Allein der Umstand, dass im Arbeitsvertrag die Tätigkeit des Arbeitnehmers nur rudimentär beschrieben ist und dem Arbeitnehmer gleichwohl hohe Vergütungsansprüche zustehen, berechtigt den Arbeitgeber weder zur Anfechtung noch zur fristlosen Kündigung des Arbeitsverhältnisses. Dies hat das Arbeitsgericht Neumünster mit Teilurteil vom 23.01.2013 entschieden (3 Ca 1359 b/12). Das Urteil ist nicht rechtskräftig (Landesarbeitsgericht Schleswig-Holstein 1 Sa 50/13).

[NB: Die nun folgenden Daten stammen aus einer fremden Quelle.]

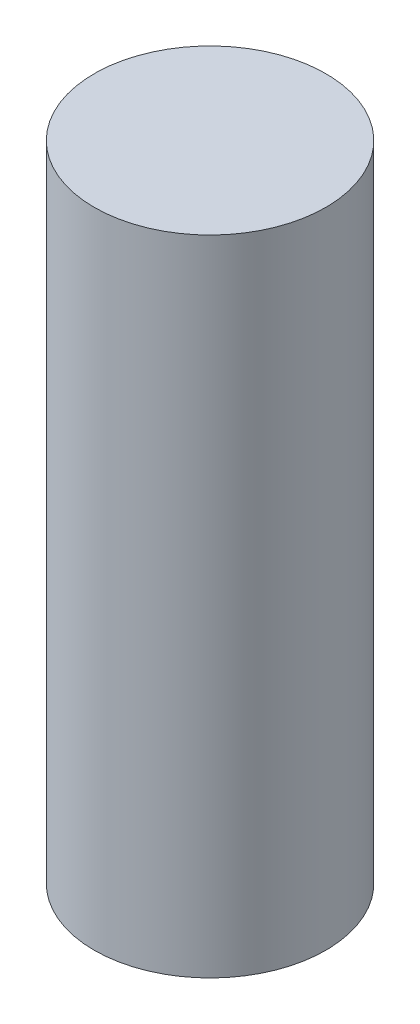
ISO-10303-21;
HEADER;
FILE_DESCRIPTION(('STEP AP214'),'2;1');
FILE_NAME('part.step','',(''),(''),'','','');
FILE_SCHEMA(('AUTOMOTIVE_DESIGN { 1 0 10303 214 1 1 1 1 }'));
ENDSEC;
DATA;
#1=APPLICATION_CONTEXT('core data for automotive mechanical design processes');
#2=APPLICATION_PROTOCOL_DEFINITION('international standard','automotive_design',2000,#1);
#3=PRODUCT_CONTEXT('',#1,'mechanical');
#4=PRODUCT('Part','Part','',(#3));
#5=PRODUCT_RELATED_PRODUCT_CATEGORY('part','',(#4));
#6=PRODUCT_DEFINITION_FORMATION('','',#4);
#7=PRODUCT_DEFINITION_CONTEXT('part definition',#1,'design');
#8=PRODUCT_DEFINITION('design','',#6,#7);
#9=PRODUCT_DEFINITION_SHAPE('','',#8);
#10=(LENGTH_UNIT() NAMED_UNIT(*) SI_UNIT(.MILLI.,.METRE.));
#11=(NAMED_UNIT(*) PLANE_ANGLE_UNIT() SI_UNIT($,.RADIAN.));
#12=(NAMED_UNIT(*) SI_UNIT($,.STERADIAN.) SOLID_ANGLE_UNIT());
#13=UNCERTAINTY_MEASURE_WITH_UNIT(LENGTH_MEASURE(1.E-05),#10,'distance_accuracy_value','');
#14=(GEOMETRIC_REPRESENTATION_CONTEXT(3) GLOBAL_UNCERTAINTY_ASSIGNED_CONTEXT((#13)) GLOBAL_UNIT_ASSIGNED_CONTEXT((#10,
#11,#12)) REPRESENTATION_CONTEXT('',''));
#15=CARTESIAN_POINT('',(0.,0.,0.));
#16=DIRECTION('',(0.,0.,1.));
#17=DIRECTION('',(1.,0.,0.));
#18=AXIS2_PLACEMENT_3D('',#15,#16,#17);
#19=CARTESIAN_POINT('',(0.,25.,0.));
#20=DIRECTION('',(0.,-1.,0.));
#21=DIRECTION('',(0.,0.,-1.));
#22=AXIS2_PLACEMENT_3D('',#19,#20,#21);
#23=CYLINDRICAL_SURFACE('',#22,4.5);
#24=CARTESIAN_POINT('',(0.,25.,0.));
#25=DIRECTION('',(0.,1.,0.));
#26=DIRECTION('',(0.,0.,1.));
#27=AXIS2_PLACEMENT_3D('',#24,#25,#26);
#28=CIRCLE('',#27,4.5);
#29=CARTESIAN_POINT('',(0.,25.,4.5));
#30=VERTEX_POINT('',#29);
#31=EDGE_CURVE('E10',#30,#30,#28,.T.);
#32=ORIENTED_EDGE('',*,*,#31,.F.);
#33=EDGE_LOOP('',(#32));
#34=FACE_BOUND('',#33,.T.);
#35=CARTESIAN_POINT('',(0.,0.,0.));
#36=DIRECTION('',(0.,1.,0.));
#37=DIRECTION('',(0.,0.,1.));
#38=AXIS2_PLACEMENT_3D('',#35,#36,#37);
#39=CIRCLE('',#38,4.5);
#40=CARTESIAN_POINT('',(0.,0.,4.5));
#41=VERTEX_POINT('',#40);
#42=EDGE_CURVE('E34',#41,#41,#39,.T.);
#43=ORIENTED_EDGE('',*,*,#42,.T.);
#44=EDGE_LOOP('',(#43));
#45=FACE_BOUND('',#44,.T.);
#46=ADVANCED_FACE('F31',(#34,#45),#23,.T.);
#47=CARTESIAN_POINT('',(0.,25.,0.));
#48=DIRECTION('',(0.,1.,0.));
#49=DIRECTION('',(0.,0.,1.));
#50=AXIS2_PLACEMENT_3D('',#47,#48,#49);
#51=PLANE('',#50);
#52=ORIENTED_EDGE('',*,*,#31,.T.);
#53=EDGE_LOOP('',(#52));
#54=FACE_BOUND('',#53,.T.);
#55=ADVANCED_FACE('F46',(#54),#51,.T.);
#56=CARTESIAN_POINT('',(0.,0.,0.));
#57=DIRECTION('',(0.,1.,0.));
#58=DIRECTION('',(0.,0.,1.));
#59=AXIS2_PLACEMENT_3D('',#56,#57,#58);
#60=PLANE('',#59);
#61=ORIENTED_EDGE('',*,*,#42,.F.);
#62=EDGE_LOOP('',(#61));
#63=FACE_BOUND('',#62,.T.);
#64=ADVANCED_FACE('F44',(#63),#60,.F.);
#65=CLOSED_SHELL('',(#46,#55,#64));
#66=MANIFOLD_SOLID_BREP('B2',#65);
#67=ADVANCED_BREP_SHAPE_REPRESENTATION('',(#18,#66),#14);
#68=SHAPE_DEFINITION_REPRESENTATION(#9,#67);
ENDSEC;
END-ISO-10303-21;

Die Beklagten sind Eheleute und machten vor nahezu 20 Jahren einen immensen Lottogewinn. Hierüber wurde in den Medien berichtet. Jetzt schreibt die Ehefrau Kinderbücher über einen Esel Joshi. Der Kläger nahm Kontakt zu den Eheleuten auf und die Parteien unterzeichneten sodann am 11.09.2011 einen Arbeitsvertrag. Danach wurde der Kläger als „Vertriebsmanager“ zum 15.09.2011 ohne Probezeit für zunächst zwei Jahre fest eingestellt zu einem Monatsgehalt von € 20.000,00 bei 13 Monatsgehältern und einer Gewinnbeteiligung am Projekt Joshi. Der Vertrag sollte sich um zwei Jahre verlängern, sofern er nicht zuvor mit einer halbjährigen Frist gekündigt wird und war vor Dienstantritt unkündbar. Im Falle der vorzeitigen Aufhebung des Arbeitsvertrages – gleich aus welchen Gründen – stand dem Kläger eine Abfindung in Höhe von € 250.00,00 zu.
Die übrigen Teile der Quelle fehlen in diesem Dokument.